Bug 213404

Summary: [WebAuthn] Provide a _WKWebAuthenticationPanelUpdatePINInvalid update to UI clients if the returned PIN from the client is not valid
Product: WebKit Reporter: Jiewen Tan <jiewen_tan>
Component: WebKit Misc.Assignee: Jiewen Tan <jiewen_tan>
Status: RESOLVED FIXED    
Severity: Normal CC: bfulgham, darin, jiewen_tan, webkit-bug-importer
Priority: P2 Keywords: InRadar
Version: WebKit Nightly Build   
Hardware: Unspecified   
OS: Unspecified   
Bug Depends on:    
Bug Blocks: 181943    
Attachments:
Description Flags
Patch
bfulgham: review+, bfulgham: commit-queue-
Patch for landing none

Description Jiewen Tan 2020-06-19 13:54:06 PDT 
Provide a _WKWebAuthenticationPanelUpdatePINInvalid update to UI clients if the returned PIN from the client is not valid.
Comment 1 Radar WebKit Bug Importer 2020-06-19 13:54:37 PDT 
<rdar://problem/64543894>
Comment 2 Jiewen Tan 2020-06-19 14:03:30 PDT 
Created attachment 402322 [details]
Patch
Comment 3 Brent Fulgham 2020-06-19 15:12:09 PDT 
Comment on attachment 402322 [details]
Patch

View in context: https://bugs.webkit.org/attachment.cgi?id=402322&action=review

> Source/WebKit/UIProcess/WebAuthentication/fido/CtapAuthenticator.cpp:277
> +    if (!pin) {

I know this works, but it's confusing. I'd prefer to see:

if (pin.isNull()) {

Also: What if the pin is an empty string? Shouldn't we hit this code too?

operator ! only checks null, which means we would pass the empty string to the late parts of this method. Maybe that's okay because it fails the 'validateAndConvertToUTF8' step?

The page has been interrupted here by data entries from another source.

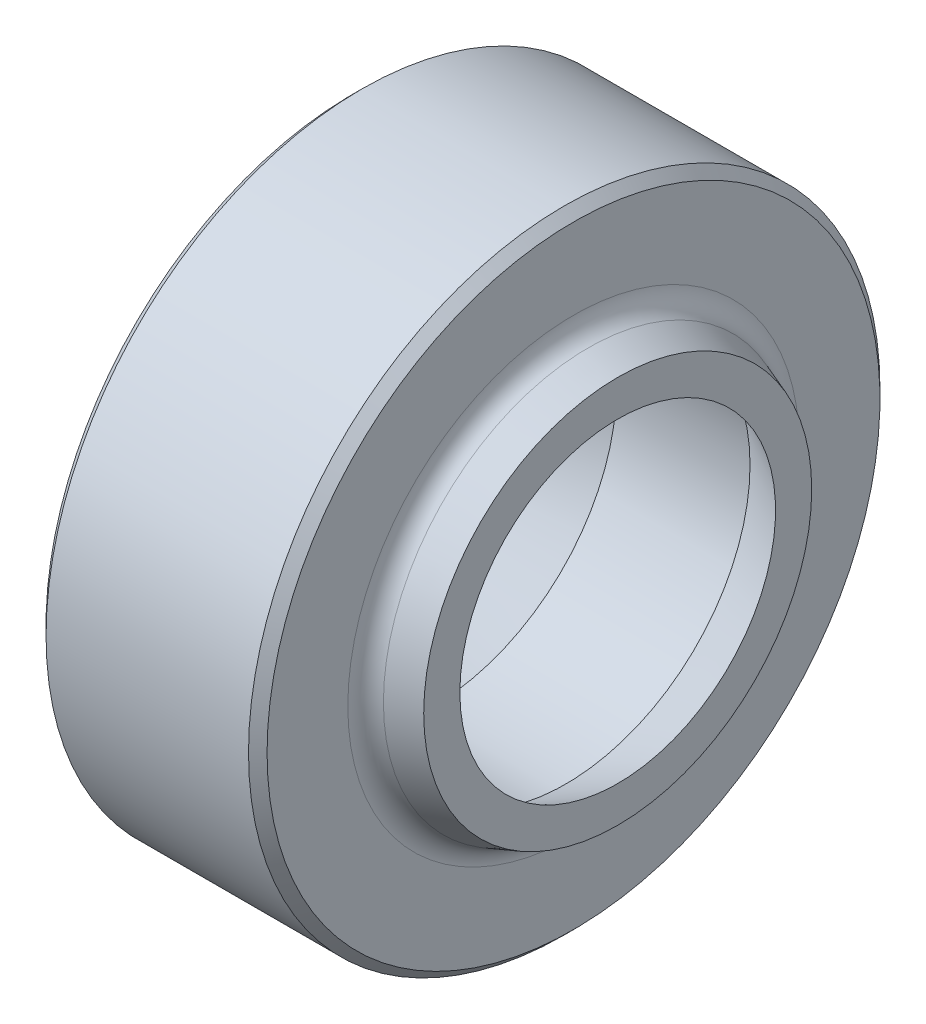
ISO-10303-21;
HEADER;
FILE_DESCRIPTION(('STEP AP214'),'2;1');
FILE_NAME('part.step','',(''),(''),'','','');
FILE_SCHEMA(('AUTOMOTIVE_DESIGN { 1 0 10303 214 1 1 1 1 }'));
ENDSEC;
DATA;
#1=APPLICATION_CONTEXT('core data for automotive mechanical design processes');
#2=APPLICATION_PROTOCOL_DEFINITION('international standard','automotive_design',2000,#1);
#3=PRODUCT_CONTEXT('',#1,'mechanical');
#4=PRODUCT('Part','Part','',(#3));
#5=PRODUCT_RELATED_PRODUCT_CATEGORY('part','',(#4));
#6=PRODUCT_DEFINITION_FORMATION('','',#4);
#7=PRODUCT_DEFINITION_CONTEXT('part definition',#1,'design');
#8=PRODUCT_DEFINITION('design','',#6,#7);
#9=PRODUCT_DEFINITION_SHAPE('','',#8);
#10=(LENGTH_UNIT() NAMED_UNIT(*) SI_UNIT(.MILLI.,.METRE.));
#11=(NAMED_UNIT(*) PLANE_ANGLE_UNIT() SI_UNIT($,.RADIAN.));
#12=(NAMED_UNIT(*) SI_UNIT($,.STERADIAN.) SOLID_ANGLE_UNIT());
#13=UNCERTAINTY_MEASURE_WITH_UNIT(LENGTH_MEASURE(1.E-05),#10,'distance_accuracy_value','');
#14=(GEOMETRIC_REPRESENTATION_CONTEXT(3) GLOBAL_UNCERTAINTY_ASSIGNED_CONTEXT((#13)) GLOBAL_UNIT_ASSIGNED_CONTEXT((#10,
#11,#12)) REPRESENTATION_CONTEXT('',''));
#15=CARTESIAN_POINT('',(0.,0.,0.));
#16=DIRECTION('',(0.,0.,1.));
#17=DIRECTION('',(1.,0.,0.));
#18=AXIS2_PLACEMENT_3D('',#15,#16,#17);
#19=CARTESIAN_POINT('',(0.,4.42763716970224,0.));
#20=DIRECTION('',(1.,0.,0.));
#21=DIRECTION('',(0.,0.,-1.));
#22=AXIS2_PLACEMENT_3D('',#19,#20,#21);
#23=PLANE('',#22);
#24=CARTESIAN_POINT('',(0.,0.,0.));
#25=DIRECTION('',(1.,0.,0.));
#26=DIRECTION('',(0.,0.,-1.));
#27=AXIS2_PLACEMENT_3D('',#24,#25,#26);
#28=CIRCLE('',#27,4.853);
#29=CARTESIAN_POINT('',(0.,0.,-4.853));
#30=VERTEX_POINT('',#29);
#31=EDGE_CURVE('E37',#30,#30,#28,.F.);
#32=ORIENTED_EDGE('',*,*,#31,.T.);
#33=EDGE_LOOP('',(#32));
#34=FACE_BOUND('',#33,.T.);
#35=CARTESIAN_POINT('',(0.,0.,0.));
#36=DIRECTION('',(-1.,0.,0.));
#37=DIRECTION('',(0.,0.,1.));
#38=AXIS2_PLACEMENT_3D('',#35,#36,#37);
#39=CIRCLE('',#38,4.42763716970224);
#40=CARTESIAN_POINT('',(0.,0.,4.42763716970224));
#41=VERTEX_POINT('',#40);
#42=EDGE_CURVE('E79',#41,#41,#39,.T.);
#43=ORIENTED_EDGE('',*,*,#42,.F.);
#44=EDGE_LOOP('',(#43));
#45=FACE_BOUND('',#44,.T.);
#46=ADVANCED_FACE('F27',(#34,#45),#23,.F.);
#47=CARTESIAN_POINT('',(0.,0.,0.));
#48=DIRECTION('',(-1.,0.,0.));
#49=DIRECTION('',(0.,0.,1.));
#50=AXIS2_PLACEMENT_3D('',#47,#48,#49);
#51=CYLINDRICAL_SURFACE('',#50,5.);
#52=CARTESIAN_POINT('',(3.353,0.,0.));
#53=DIRECTION('',(-1.,0.,0.));
#54=DIRECTION('',(0.,0.,1.));
#55=AXIS2_PLACEMENT_3D('',#52,#53,#54);
#56=CIRCLE('',#55,5.);
#57=CARTESIAN_POINT('',(3.353,0.,5.));
#58=VERTEX_POINT('',#57);
#59=EDGE_CURVE('E46',#58,#58,#56,.T.);
#60=ORIENTED_EDGE('',*,*,#59,.T.);
#61=EDGE_LOOP('',(#60));
#62=FACE_BOUND('',#61,.T.);
#63=CARTESIAN_POINT('',(0.147,0.,0.));
#64=DIRECTION('',(1.,0.,0.));
#65=DIRECTION('',(0.,0.,-1.));
#66=AXIS2_PLACEMENT_3D('',#63,#64,#65);
#67=CIRCLE('',#66,5.);
#68=CARTESIAN_POINT('',(0.147,0.,-5.));
#69=VERTEX_POINT('',#68);
#70=EDGE_CURVE('E49',#69,#69,#67,.T.);
#71=ORIENTED_EDGE('',*,*,#70,.T.);
#72=EDGE_LOOP('',(#71));
#73=FACE_BOUND('',#72,.T.);
#74=ADVANCED_FACE('F86',(#62,#73),#51,.T.);
#75=CARTESIAN_POINT('',(3.5,5.,0.));
#76=DIRECTION('',(-1.,0.,0.));
#77=DIRECTION('',(0.,0.,1.));
#78=AXIS2_PLACEMENT_3D('',#75,#76,#77);
#79=PLANE('',#78);
#80=CARTESIAN_POINT('',(3.5,0.,0.));
#81=DIRECTION('',(-1.,0.,0.));
#82=DIRECTION('',(0.,0.,1.));
#83=AXIS2_PLACEMENT_3D('',#80,#81,#82);
#84=CIRCLE('',#83,3.57417521376448);
#85=CARTESIAN_POINT('',(3.5,0.,3.57417521376448));
#86=VERTEX_POINT('',#85);
#87=EDGE_CURVE('E33',#86,#86,#84,.T.);
#88=ORIENTED_EDGE('',*,*,#87,.T.);
#89=EDGE_LOOP('',(#88));
#90=FACE_BOUND('',#89,.T.);
#91=CARTESIAN_POINT('',(3.5,0.,0.));
#92=DIRECTION('',(-1.,0.,0.));
#93=DIRECTION('',(0.,0.,1.));
#94=AXIS2_PLACEMENT_3D('',#91,#92,#93);
#95=CIRCLE('',#94,4.853);
#96=CARTESIAN_POINT('',(3.5,0.,4.853));
#97=VERTEX_POINT('',#96);
#98=EDGE_CURVE('E41',#97,#97,#95,.F.);
#99=ORIENTED_EDGE('',*,*,#98,.T.);
#100=EDGE_LOOP('',(#99));
#101=FACE_BOUND('',#100,.T.);
#102=ADVANCED_FACE('F92',(#90,#101),#79,.F.);
#103=CARTESIAN_POINT('',(4.2,0.,0.));
#104=DIRECTION('',(-1.,0.,0.));
#105=DIRECTION('',(0.,0.,1.));
#106=AXIS2_PLACEMENT_3D('',#103,#104,#105);
#107=CONICAL_SURFACE('',#106,3.07236283029775,0.349065850398863);
#108=CARTESIAN_POINT('',(3.7321352934347,0.,0.));
#109=DIRECTION('',(-1.,0.,0.));
#110=DIRECTION('',(0.,0.,1.));
#111=AXIS2_PLACEMENT_3D('',#108,#109,#110);
#112=CIRCLE('',#111,3.24265165715121);
#113=CARTESIAN_POINT('',(3.7321352934347,0.,3.24265165715121));
#114=VERTEX_POINT('',#113);
#115=EDGE_CURVE('E10',#114,#114,#112,.F.);
#116=ORIENTED_EDGE('',*,*,#115,.T.);
#117=EDGE_LOOP('',(#116));
#118=FACE_BOUND('',#117,.T.);
#119=CARTESIAN_POINT('',(4.2,0.,0.));
#120=DIRECTION('',(-1.,0.,0.));
#121=DIRECTION('',(0.,0.,1.));
#122=AXIS2_PLACEMENT_3D('',#119,#120,#121);
#123=CIRCLE('',#122,3.07236283029775);
#124=CARTESIAN_POINT('',(4.2,0.,3.07236283029775));
#125=VERTEX_POINT('',#124);
#126=EDGE_CURVE('E58',#125,#125,#123,.T.);
#127=ORIENTED_EDGE('',*,*,#126,.T.);
#128=EDGE_LOOP('',(#127));
#129=FACE_BOUND('',#128,.T.);
#130=ADVANCED_FACE('F146',(#118,#129),#107,.T.);
#131=CARTESIAN_POINT('',(4.2,3.07236283029775,0.));
#132=DIRECTION('',(-1.,0.,0.));
#133=DIRECTION('',(0.,0.,1.));
#134=AXIS2_PLACEMENT_3D('',#131,#132,#133);
#135=PLANE('',#134);
#136=ORIENTED_EDGE('',*,*,#126,.F.);
#137=EDGE_LOOP('',(#136));
#138=FACE_BOUND('',#137,.T.);
#139=CARTESIAN_POINT('',(4.2,0.,0.));
#140=DIRECTION('',(-1.,0.,0.));
#141=DIRECTION('',(0.,0.,1.));
#142=AXIS2_PLACEMENT_3D('',#139,#140,#141);
#143=CIRCLE('',#142,2.5);
#144=CARTESIAN_POINT('',(4.2,0.,2.5));
#145=VERTEX_POINT('',#144);
#146=EDGE_CURVE('E61',#145,#145,#143,.T.);
#147=ORIENTED_EDGE('',*,*,#146,.T.);
#148=EDGE_LOOP('',(#147));
#149=FACE_BOUND('',#148,.T.);
#150=ADVANCED_FACE('F142',(#138,#149),#135,.F.);
#151=CARTESIAN_POINT('',(3.37570358768782,0.,0.));
#152=DIRECTION('',(-1.,0.,0.));
#153=DIRECTION('',(0.,0.,1.));
#154=AXIS2_PLACEMENT_3D('',#151,#152,#153);
#155=CONICAL_SURFACE('',#154,2.92,0.471238898038459);
#156=ORIENTED_EDGE('',*,*,#146,.F.);
#157=EDGE_LOOP('',(#156));
#158=FACE_BOUND('',#157,.T.);
#159=CARTESIAN_POINT('',(3.37570358768782,0.,0.));
#160=DIRECTION('',(-1.,0.,0.));
#161=DIRECTION('',(0.,0.,1.));
#162=AXIS2_PLACEMENT_3D('',#159,#160,#161);
#163=CIRCLE('',#162,2.92);
#164=CARTESIAN_POINT('',(3.37570358768782,0.,2.92));
#165=VERTEX_POINT('',#164);
#166=EDGE_CURVE('E64',#165,#165,#163,.T.);
#167=ORIENTED_EDGE('',*,*,#166,.T.);
#168=EDGE_LOOP('',(#167));
#169=FACE_BOUND('',#168,.T.);
#170=ADVANCED_FACE('F138',(#158,#169),#155,.F.);
#171=CARTESIAN_POINT('',(0.,0.,0.));
#172=DIRECTION('',(-1.,0.,0.));
#173=DIRECTION('',(0.,0.,1.));
#174=AXIS2_PLACEMENT_3D('',#171,#172,#173);
#175=CYLINDRICAL_SURFACE('',#174,2.92);
#176=ORIENTED_EDGE('',*,*,#166,.F.);
#177=EDGE_LOOP('',(#176));
#178=FACE_BOUND('',#177,.T.);
#179=CARTESIAN_POINT('',(1.26,0.,0.));
#180=DIRECTION('',(-1.,0.,0.));
#181=DIRECTION('',(0.,0.,1.));
#182=AXIS2_PLACEMENT_3D('',#179,#180,#181);
#183=CIRCLE('',#182,2.92);
#184=CARTESIAN_POINT('',(1.26,0.,2.92));
#185=VERTEX_POINT('',#184);
#186=EDGE_CURVE('E67',#185,#185,#183,.T.);
#187=ORIENTED_EDGE('',*,*,#186,.T.);
#188=EDGE_LOOP('',(#187));
#189=FACE_BOUND('',#188,.T.);
#190=ADVANCED_FACE('F134',(#178,#189),#175,.F.);
#191=CARTESIAN_POINT('',(0.42,0.,0.));
#192=DIRECTION('',(1.,0.,0.));
#193=DIRECTION('',(0.,0.,-1.));
#194=AXIS2_PLACEMENT_3D('',#191,#192,#193);
#195=CONICAL_SURFACE('',#194,2.5,0.463647609000806);
#196=ORIENTED_EDGE('',*,*,#186,.F.);
#197=EDGE_LOOP('',(#196));
#198=FACE_BOUND('',#197,.T.);
#199=CARTESIAN_POINT('',(0.42,0.,0.));
#200=DIRECTION('',(-1.,0.,0.));
#201=DIRECTION('',(0.,0.,1.));
#202=AXIS2_PLACEMENT_3D('',#199,#200,#201);
#203=CIRCLE('',#202,2.5);
#204=CARTESIAN_POINT('',(0.42,0.,2.5));
#205=VERTEX_POINT('',#204);
#206=EDGE_CURVE('E70',#205,#205,#203,.T.);
#207=ORIENTED_EDGE('',*,*,#206,.T.);
#208=EDGE_LOOP('',(#207));
#209=FACE_BOUND('',#208,.T.);
#210=ADVANCED_FACE('F130',(#198,#209),#195,.F.);
#211=CARTESIAN_POINT('',(0.168,0.,0.));
#212=DIRECTION('',(-1.,0.,0.));
#213=DIRECTION('',(0.,0.,1.));
#214=AXIS2_PLACEMENT_3D('',#211,#212,#213);
#215=CONICAL_SURFACE('',#214,2.752,0.785398163397449);
#216=ORIENTED_EDGE('',*,*,#206,.F.);
#217=EDGE_LOOP('',(#216));
#218=FACE_BOUND('',#217,.T.);
#219=CARTESIAN_POINT('',(0.168,0.,0.));
#220=DIRECTION('',(-1.,0.,0.));
#221=DIRECTION('',(0.,0.,1.));
#222=AXIS2_PLACEMENT_3D('',#219,#220,#221);
#223=CIRCLE('',#222,2.752);
#224=CARTESIAN_POINT('',(0.168,0.,2.752));
#225=VERTEX_POINT('',#224);
#226=EDGE_CURVE('E73',#225,#225,#223,.T.);
#227=ORIENTED_EDGE('',*,*,#226,.T.);
#228=EDGE_LOOP('',(#227));
#229=FACE_BOUND('',#228,.T.);
#230=ADVANCED_FACE('F126',(#218,#229),#215,.F.);
#231=CARTESIAN_POINT('',(0.168,3.22222306935211,0.));
#232=DIRECTION('',(1.,0.,0.));
#233=DIRECTION('',(0.,0.,-1.));
#234=AXIS2_PLACEMENT_3D('',#231,#232,#233);
#235=PLANE('',#234);
#236=ORIENTED_EDGE('',*,*,#226,.F.);
#237=EDGE_LOOP('',(#236));
#238=FACE_BOUND('',#237,.T.);
#239=CARTESIAN_POINT('',(0.168,0.,0.));
#240=DIRECTION('',(-1.,0.,0.));
#241=DIRECTION('',(0.,0.,1.));
#242=AXIS2_PLACEMENT_3D('',#239,#240,#241);
#243=CIRCLE('',#242,3.22222306935211);
#244=CARTESIAN_POINT('',(0.168,0.,3.22222306935211));
#245=VERTEX_POINT('',#244);
#246=EDGE_CURVE('E76',#245,#245,#243,.T.);
#247=ORIENTED_EDGE('',*,*,#246,.T.);
#248=EDGE_LOOP('',(#247));
#249=FACE_BOUND('',#248,.T.);
#250=ADVANCED_FACE('F122',(#238,#249),#235,.F.);
#251=CARTESIAN_POINT('',(2.33333333333333,0.,0.));
#252=DIRECTION('',(1.,0.,0.));
#253=DIRECTION('',(0.,0.,-1.));
#254=AXIS2_PLACEMENT_3D('',#251,#252,#253);
#255=CONICAL_SURFACE('',#254,3.80242238736296,0.261799387799147);
#256=CARTESIAN_POINT('',(1.27349736087752,0.,0.));
#257=DIRECTION('',(1.,0.,0.));
#258=DIRECTION('',(0.,0.,-1.));
#259=AXIS2_PLACEMENT_3D('',#256,#257,#258);
#260=CIRCLE('',#259,3.51844019443398);
#261=CARTESIAN_POINT('',(1.27349736087752,0.,-3.51844019443398));
#262=VERTEX_POINT('',#261);
#263=EDGE_CURVE('E55',#262,#262,#260,.F.);
#264=ORIENTED_EDGE('',*,*,#263,.T.);
#265=EDGE_LOOP('',(#264));
#266=FACE_BOUND('',#265,.T.);
#267=ORIENTED_EDGE('',*,*,#246,.F.);
#268=EDGE_LOOP('',(#267));
#269=FACE_BOUND('',#268,.T.);
#270=ADVANCED_FACE('F118',(#266,#269),#255,.T.);
#271=CARTESIAN_POINT('',(0.,0.,0.));
#272=DIRECTION('',(-1.,0.,0.));
#273=DIRECTION('',(0.,0.,1.));
#274=AXIS2_PLACEMENT_3D('',#271,#272,#273);
#275=CONICAL_SURFACE('',#274,4.42763716970224,0.261799387799147);
#276=CARTESIAN_POINT('',(1.27349736087752,0.,0.));
#277=DIRECTION('',(-1.,0.,0.));
#278=DIRECTION('',(0.,0.,1.));
#279=AXIS2_PLACEMENT_3D('',#276,#277,#278);
#280=CIRCLE('',#279,4.08640458029195);
#281=CARTESIAN_POINT('',(1.27349736087752,0.,4.08640458029195));
#282=VERTEX_POINT('',#281);
#283=EDGE_CURVE('E52',#282,#282,#280,.F.);
#284=ORIENTED_EDGE('',*,*,#283,.T.);
#285=EDGE_LOOP('',(#284));
#286=FACE_BOUND('',#285,.T.);
#287=ORIENTED_EDGE('',*,*,#42,.T.);
#288=EDGE_LOOP('',(#287));
#289=FACE_BOUND('',#288,.T.);
#290=ADVANCED_FACE('F83',(#286,#289),#275,.F.);
#291=CARTESIAN_POINT('',(1.19740456161738,0.,0.));
#292=DIRECTION('',(-1.,0.,0.));
#293=DIRECTION('',(0.,0.,1.));
#294=AXIS2_PLACEMENT_3D('',#291,#292,#293);
#295=TOROIDAL_SURFACE('',#294,3.80242238736296,0.294);
#296=ORIENTED_EDGE('',*,*,#283,.F.);
#297=EDGE_LOOP('',(#296));
#298=FACE_BOUND('',#297,.T.);
#299=ORIENTED_EDGE('',*,*,#263,.F.);
#300=EDGE_LOOP('',(#299));
#301=FACE_BOUND('',#300,.T.);
#302=ADVANCED_FACE('F109',(#298,#301),#295,.F.);
#303=CARTESIAN_POINT('',(3.353,0.,0.));
#304=DIRECTION('',(-1.,0.,0.));
#305=DIRECTION('',(0.,0.,1.));
#306=AXIS2_PLACEMENT_3D('',#303,#304,#305);
#307=CONICAL_SURFACE('',#306,5.,0.785398163397451);
#308=ORIENTED_EDGE('',*,*,#98,.F.);
#309=EDGE_LOOP('',(#308));
#310=FACE_BOUND('',#309,.T.);
#311=ORIENTED_EDGE('',*,*,#59,.F.);
#312=EDGE_LOOP('',(#311));
#313=FACE_BOUND('',#312,.T.);
#314=ADVANCED_FACE('F99',(#310,#313),#307,.T.);
#315=CARTESIAN_POINT('',(0.,0.,0.));
#316=DIRECTION('',(1.,0.,0.));
#317=DIRECTION('',(0.,0.,-1.));
#318=AXIS2_PLACEMENT_3D('',#315,#316,#317);
#319=CONICAL_SURFACE('',#318,4.853,0.785398163397442);
#320=ORIENTED_EDGE('',*,*,#70,.F.);
#321=EDGE_LOOP('',(#320));
#322=FACE_BOUND('',#321,.T.);
#323=ORIENTED_EDGE('',*,*,#31,.F.);
#324=EDGE_LOOP('',(#323));
#325=FACE_BOUND('',#324,.T.);
#326=ADVANCED_FACE('F96',(#322,#325),#319,.T.);
#327=CARTESIAN_POINT('',(3.8528,0.,0.));
#328=DIRECTION('',(-1.,0.,0.));
#329=DIRECTION('',(0.,0.,1.));
#330=AXIS2_PLACEMENT_3D('',#327,#328,#329);
#331=TOROIDAL_SURFACE('',#330,3.57417521376448,0.3528);
#332=ORIENTED_EDGE('',*,*,#115,.F.);
#333=EDGE_LOOP('',(#332));
#334=FACE_BOUND('',#333,.T.);
#335=ORIENTED_EDGE('',*,*,#87,.F.);
#336=EDGE_LOOP('',(#335));
#337=FACE_BOUND('',#336,.T.);
#338=ADVANCED_FACE('F98',(#334,#337),#331,.F.);
#339=CLOSED_SHELL('',(#46,#74,#102,#130,#150,#170,#190,#210,#230,#250,#270,#290,#302,#314,#326,#338));
#340=MANIFOLD_SOLID_BREP('B2',#339);
#341=ADVANCED_BREP_SHAPE_REPRESENTATION('',(#18,#340),#14);
#342=SHAPE_DEFINITION_REPRESENTATION(#9,#341);
ENDSEC;
END-ISO-10303-21;

if (pin.isNull() || pin.isEmpty()) {

> Tools/TestWebKitAPI/Tests/WebKitCocoa/_WKWebAuthenticationPanel.mm:975
> +    webAuthenticationPanelPin = "1234";

Should we have a test case where the WebKit client passed "" as the string?
Comment 4 Darin Adler 2020-06-19 15:22:52 PDT 
(In reply to Brent Fulgham from comment #3)
> if (pin.isNull() || pin.isEmpty()) {

You never need to write this. Instead:

    if (pin.isEmpty()) {
Comment 5 Jiewen Tan 2020-06-19 15:51:06 PDT 
Comment on attachment 402322 [details]
Patch

View in context: https://bugs.webkit.org/attachment.cgi?id=402322&action=review

Thanks, Brent for r+ this patch.

>> Source/WebKit/UIProcess/WebAuthentication/fido/CtapAuthenticator.cpp:277
>> +    if (!pin) {
> 
> I know this works, but it's confusing. I'd prefer to see:
> 
> if (pin.isNull()) {
> 
> Also: What if the pin is an empty string? Shouldn't we hit this code too?
> 
> operator ! only checks null, which means we would pass the empty string to the late parts of this method. Maybe that's okay because it fails the 'validateAndConvertToUTF8' step?
> 
> if (pin.isNull() || pin.isEmpty()) {

Yes, it fails validateAndConvertToUTF8 step. Therefore, it's not necessary to check anything here. Actually, I think it is better because in the current implementation of the UI, the user can submit an empty PIN code, and I don't think we will to treat it as a cancel.
Comment 6 Jiewen Tan 2020-06-19 15:52:30 PDT 
Comment on attachment 402322 [details]
Patch

View in context: https://bugs.webkit.org/attachment.cgi?id=402322&action=review

>> Tools/TestWebKitAPI/Tests/WebKitCocoa/_WKWebAuthenticationPanel.mm:975
>> +    webAuthenticationPanelPin = "1234";
> 
> Should we have a test case where the WebKit client passed "" as the string?

It has the same effect as the "123" above. So I think it's okay to not have it.
Comment 7 Jiewen Tan 2020-06-19 16:18:52 PDT 
Created attachment 402342 [details]
Patch for landing
Comment 8 Jiewen Tan 2020-06-19 16:19:01 PDT 
(In reply to Darin Adler from comment #4)
> (In reply to Brent Fulgham from comment #3)
> > if (pin.isNull() || pin.isEmpty()) {
> 
> You never need to write this. Instead:
> 
>     if (pin.isEmpty()) {

Thanks, Darin!
Comment 9 EWS 2020-06-19 16:40:08 PDT 
Committed r263296: <https://trac.webkit.org/changeset/263296>

All reviewed patches have been landed. Closing bug and clearing flags on attachment 402342 [details].